[EXCERPTED RECORDS]
□ □ □ □ □ □ □

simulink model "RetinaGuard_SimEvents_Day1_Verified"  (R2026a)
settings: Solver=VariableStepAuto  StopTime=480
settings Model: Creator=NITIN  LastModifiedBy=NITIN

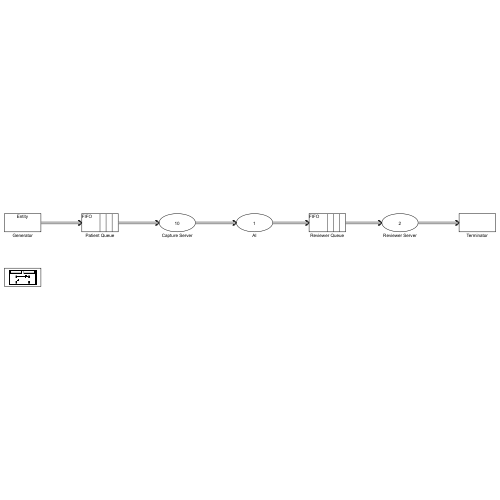
[thumbnail: Simulink's stored preview of the top-level diagram]
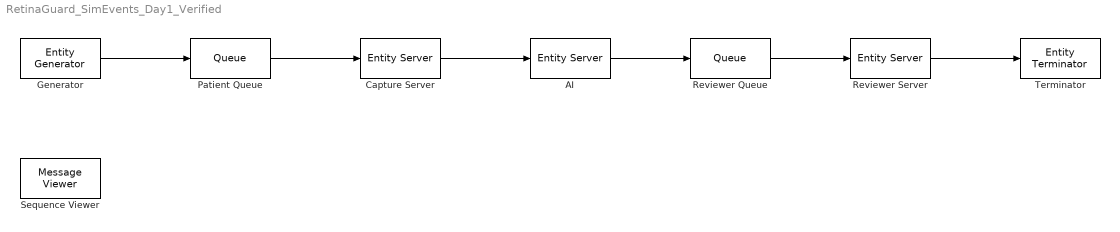
== system RetinaGuard_SimEvents_Day1_Verified ==
  AI : EntityServer  InputPortMessageModes=m  OutputPortMessageModes=m  Capacity=1  ServiceTimeValue=3
  Capture Server : EntityServer  InputPortMessageModes=m  OutputPortMessageModes=m  Capacity=10  ServiceTimeValue=5
  Generator : EntityGenerator  OutputPortMessageModes=m  EntityType=Structured  EntityTypeName=Entity
  Patient Queue : Queue  InputPortMessageModes=m  OutputPortMessageModes=m  Capacity=500
  Reviewer Queue : Queue  InputPortMessageModes=m  OutputPortMessageModes=m  Capacity=500
  Reviewer Server : EntityServer  InputPortMessageModes=m  OutputPortMessageModes=m  Capacity=2  ServiceTimeValue=3
  Sequence Viewer : MessageViewer  History=1000  SavedRootId=#
  Terminator : EntityTerminator  InputPortMessageModes=m
  wires:
  Generator/1 -> Patient Queue/1
  Patient Queue/1 -> Capture Server/1
  Capture Server/1 -> AI/1
  AI/1 -> Reviewer Queue/1
  Reviewer Queue/1 -> Reviewer Server/1
  Reviewer Server/1 -> Terminator/1

□ □ □ □ □ □ □

[TASK BRIEF] Taking each record in turn, retype it exactly and drop any picture.

[OUTPUT FOR THIS EXERCISE]
simulink model "RetinaGuard_SimEvents_Day1_Verified"  (R2026a)
settings: Solver=VariableStepAuto  StopTime=480
settings Model: Creator=NITIN  LastModifiedBy=NITIN

[thumbnail: Simulink's stored preview of the top-level diagram]
== system RetinaGuard_SimEvents_Day1_Verified ==
  AI : EntityServer  InputPortMessageModes=m  OutputPortMessageModes=m  Capacity=1  ServiceTimeValue=3
  Capture Server : EntityServer  InputPortMessageModes=m  OutputPortMessageModes=m  Capacity=10  ServiceTimeValue=5
  Generator : EntityGenerator  OutputPortMessageModes=m  EntityType=Structured  EntityTypeName=Entity
  Patient Queue : Queue  InputPortMessageModes=m  OutputPortMessageModes=m  Capacity=500
  Reviewer Queue : Queue  InputPortMessageModes=m  OutputPortMessageModes=m  Capacity=500
  Reviewer Server : EntityServer  InputPortMessageModes=m  OutputPortMessageModes=m  Capacity=2  ServiceTimeValue=3
  Sequence Viewer : MessageViewer  History=1000  SavedRootId=#
  Terminator : EntityTerminator  InputPortMessageModes=m
  wires:
  Generator/1 -> Patient Queue/1
  Patient Queue/1 -> Capture Server/1
  Capture Server/1 -> AI/1
  AI/1 -> Reviewer Queue/1
  Reviewer Queue/1 -> Reviewer Server/1
  Reviewer Server/1 -> Terminator/1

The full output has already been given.